Fotoğrafçılar burayı sık sık ziyaret ediyor. Mezrada yaşayan çocuklar bu duruma alışmış, bizimle sohbet edip bize model gibi poz veriyorlar. Hayata yeni gözlerini açmış kuzular, annelerinin yanından ayrılmıyor; sürüler besleniyor; biz de onları fotoğraflıyoruz.
Dün gittiğimiz Sultan Sazlığı’nın diğer kısmında kamış işçilerinin çalıştığı yere rotamızı kırıyoruz. Sindelhöyük’te yer alan çalışma alanında kadın işçiler emek veriyor, kamışları balyalayıp yurt dışına göndermeye hazır hale getiriyorlar. Bir işçi günde ortalama 200 balya yapıp yaklaşık 50 TL kazanıyor. Balyaların birleştirilmesiyle her yerde kızılderili evlerine benzer yapılar oluşuyor.
Ve gezimizdeki son durağımıza geliyoruz: Erciyes Kayak Merkezi. Burada beklemediğim bir manzarayla karşılaşıyorum, belediyenin tesislerinde her kesimden yüzlerce insan karın keyfini çıkarıyor. Türkiye’de yaşamasam ‘Bu ülke kayak sporunda zirvededir’ diye düşünürdüm ancak maalasef gerçekler böyle değil. İnsanlar burayı daha çok piknik gibi bir haftasonu aktivitesi olarak görüyor.
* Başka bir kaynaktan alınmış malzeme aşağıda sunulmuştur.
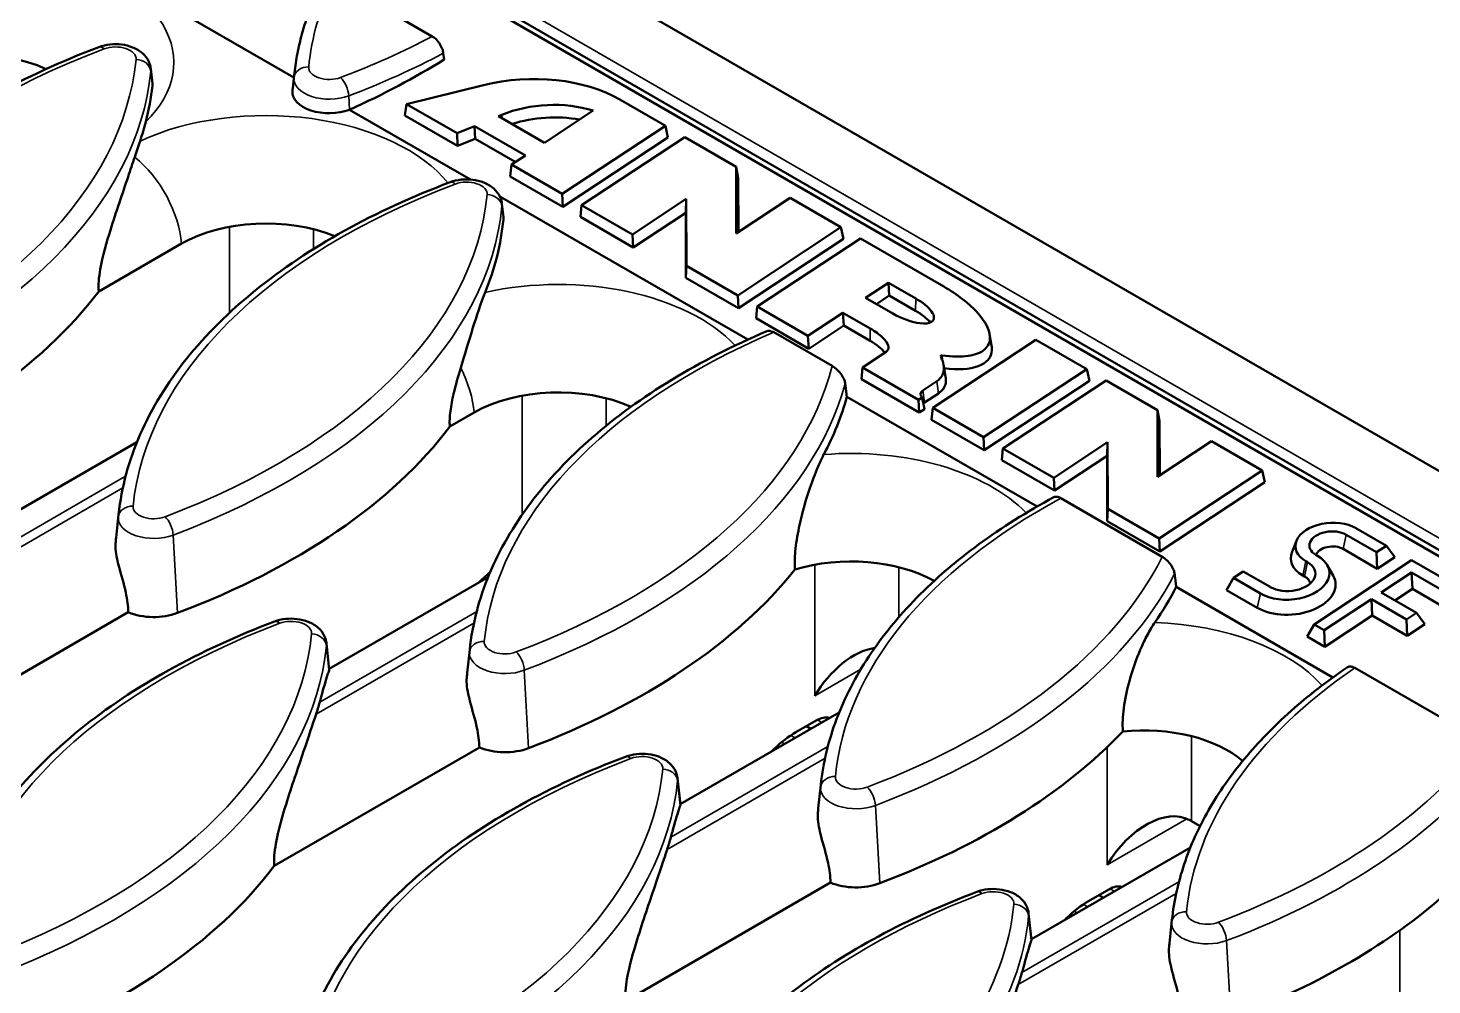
# Model space of a CAD drawing. Header units: millimetres. Extents: x 0 to 1485, y 0 to 1050.
# Drawn here: x 359.34 to 406.46, y 159.39 to 191.5 of the extents above; entities that cross this region are included whole.
import ezdxf

# ---------------------------------------------------------------- set-up
doc = ezdxf.new("R2010")
doc.units = ezdxf.units.MM
doc.header["$LTSCALE"] = 2.5
doc.layers.add('Sichtbar (ISO)', color=7, linetype='Continuous', lineweight=50)
doc.layers.add('Sichtbar schmal (ISO)', color=7, linetype='Continuous', lineweight=35)

msp = doc.modelspace()

# ---------------------------------------------------------------- linework, layer by layer
at = {"layer": 'Sichtbar (ISO)'}
for p, q in [((458.257, 146.87), (104.703, 350.994)), ((368.262, 189.847), (360.606, 194.267)), ((372.907, 191.226), (369.599, 193.136)), ((418.207, 167.134), (374.064, 192.621)), ((374.288, 192.696), (418.4, 167.228)), ((373.303, 190.446), (373.277, 190.659)), ((363.46, 190.142), (363.514, 189.643)), ((368.271, 189.926), (368.223, 189.484)), ((372.044, 188.952), (374.624, 189.589)), ((371.988, 188.568), (372.044, 188.952)), ((373.737, 187.975), (372.044, 188.952)), ((379.203, 189.106), (380.731, 188.223)), ((374.194, 186.422), (370.133, 188.766)), ((373.756, 187.548), (371.988, 188.568)), ((375.13, 188.548), (375.24, 188.593)), ((376.674, 187.657), (375.13, 188.548)), ((378.308, 188.735), (376.674, 187.657)), ((374.325, 188.217), (373.737, 187.975)), ((376.03, 187.232), (374.325, 188.217)), ((374.344, 187.79), (374.325, 188.217)), ((380.731, 188.223), (377.266, 185.937)), ((380.818, 187.833), (380.731, 188.223)), ((373.756, 187.548), (373.737, 187.975)), ((374.344, 187.79), (373.756, 187.548)), ((375.694, 187.01), (374.344, 187.79)), ((380.818, 187.833), (377.291, 185.506)), ((377.917, 185.561), (381.382, 187.847)), ((381.382, 187.847), (383.106, 186.852)), ((375.56, 186.922), (376.03, 187.232)), ((375.524, 186.527), (375.56, 186.922)), ((377.266, 185.937), (375.56, 186.922)), ((383.175, 186.472), (383.106, 186.852)), ((383.106, 186.852), (383.111, 184.614)), ((377.291, 185.506), (375.524, 186.527)), ((383.175, 186.472), (383.179, 184.659)), ((383.499, 181.049), (375.172, 185.857)), ((377.291, 185.506), (377.266, 185.937)), ((381.43, 185.769), (379.623, 184.576)), ((381.412, 185.309), (381.43, 185.769)), ((381.435, 183.53), (381.43, 185.769)), ((383.111, 184.614), (384.918, 185.806)), ((384.918, 185.806), (386.623, 184.821)), ((375.245, 185.606), (375.293, 185.164)), ((377.881, 185.166), (377.917, 185.561)), ((379.623, 184.576), (377.917, 185.561)), ((381.412, 185.309), (379.648, 184.145)), ((381.416, 183.125), (381.412, 185.309)), ((379.648, 184.145), (377.881, 185.166)), ((386.623, 184.821), (383.159, 182.535)), ((386.71, 184.431), (386.623, 184.821)), ((361.71, 182.667), (364.487, 184.27)), ((379.648, 184.145), (379.623, 184.576)), ((386.71, 184.431), (383.184, 182.104)), ((383.81, 182.159), (387.275, 184.445)), ((387.275, 184.445), (390.072, 182.83)), ((381.416, 183.125), (381.435, 183.53)), ((383.159, 182.535), (381.435, 183.53)), ((383.184, 182.104), (381.416, 183.125)), ((387.452, 182.452), (388.219, 182.958)), ((388.245, 182.527), (388.219, 182.958)), ((388.219, 182.958), (389.134, 182.43)), ((383.184, 182.104), (383.159, 182.535)), ((388.367, 181.924), (387.452, 182.452)), ((388.245, 182.527), (387.814, 182.243)), ((389.128, 182.017), (388.245, 182.527)), ((383.773, 181.764), (383.81, 182.159)), ((385.516, 181.174), (383.81, 182.159)), ((386.691, 181.95), (385.516, 181.174)), ((387.606, 181.422), (386.691, 181.95)), ((386.716, 181.519), (386.691, 181.95)), ((385.541, 180.743), (383.773, 181.764)), ((386.716, 181.519), (385.541, 180.743)), ((387.6, 181.009), (386.716, 181.519)), ((386.323, 180.165), (384.367, 181.294)), ((385.541, 180.743), (385.516, 181.174)), ((389.702, 178.757), (393.167, 181.043)), ((391.613, 181.235), (391.681, 180.847)), ((393.167, 181.043), (394.873, 180.058)), ((387.345, 180.118), (388.137, 180.641)), ((387.309, 179.723), (387.345, 180.118)), ((389.228, 179.031), (387.345, 180.118)), ((390.069, 180.198), (390.137, 179.81)), ((394.873, 180.058), (391.408, 177.772)), ((394.96, 179.668), (394.873, 180.058)), ((389.253, 178.6), (387.309, 179.723)), ((389.843, 179.656), (389.373, 179.345)), ((394.96, 179.668), (391.433, 177.341)), ((392.059, 177.396), (395.524, 179.682)), ((395.524, 179.682), (397.248, 178.687)), ((393.205, 175.446), (386.818, 179.133)), ((389.345, 179.108), (389.228, 179.031)), ((389.899, 179.245), (389.429, 178.935)), ((373.495, 178.131), (374.308, 178.6)), ((389.253, 178.6), (389.228, 179.031)), ((389.429, 178.716), (389.253, 178.6)), ((389.666, 178.362), (389.702, 178.757)), ((391.408, 177.772), (389.702, 178.757)), ((397.317, 178.307), (397.248, 178.687)), ((397.248, 178.687), (397.253, 176.449)), ((391.433, 177.341), (389.666, 178.362)), ((397.317, 178.307), (397.321, 176.494)), ((391.433, 177.341), (391.408, 177.772)), ((397.253, 176.449), (399.06, 177.641)), ((399.06, 177.641), (400.766, 176.656)), ((357.661, 174.532), (362.995, 177.612)), ((392.023, 177.001), (392.059, 177.396)), ((393.765, 176.411), (392.059, 177.396)), ((395.572, 177.604), (393.765, 176.411)), ((395.554, 177.144), (395.572, 177.604)), ((395.577, 175.366), (395.572, 177.604)), ((393.79, 175.981), (392.023, 177.001)), ((395.554, 177.144), (393.79, 175.981)), ((395.558, 174.96), (395.554, 177.144)), ((393.79, 175.981), (393.765, 176.411)), ((400.766, 176.656), (397.301, 174.37)), ((400.853, 176.266), (397.326, 173.939)), ((400.853, 176.266), (400.766, 176.656)), ((397.409, 173.764), (394.007, 175.728)), ((395.558, 174.96), (395.577, 175.366)), ((397.301, 174.37), (395.577, 175.366)), ((362.378, 175.184), (362.294, 174.397)), ((397.326, 173.939), (395.558, 174.96)), ((397.326, 173.939), (397.301, 174.37)), ((404.6, 173.912), (403.579, 174.502)), ((403.91, 174.72), (404.931, 174.131)), ((401.914, 174.301), (401.764, 173.929)), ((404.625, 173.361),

Bölgede iyi eğitimcilerle, insanların hevesi birleştirilirse kayakta çok başarılı sporcular çıkarmamız işten bile değil.
Yetkililer buranın Türkiye’deki en güvenli kayak alanı olduğunu söylüyor. 34 farklı kayak pisti var, 25 kişilik pist ekibi güvenliği sağlıyor. Teleferik hattıyla tepeye çıkabiliyorsunuz. 13 tane teleferik, 3 adet de yürüyüş bandı hizmet veriyor. Belediyenin tesisleri dışında otellerin de kendi kayak alanları bulunuyor. Kayakseverler için İstanbul’dan 1,5 saatlik uçak ve 1 saatlik araba yolculuğu yaparak buraya ulaşmak mümkün. Ekipman kiralayıp, karların üstünde keyifi bir gün geçirebiliyorsunuz.
Erciyes’i de gördükten sonra havaalanına dönüp İstanbul’a dönüyoruz. Her geziden sonra değiştiğimi, geliştiğimi hissederim, bu 3 gün de bana Anadolu’ya hak ettiği değeri göstermem gerektiğini öğretiyor.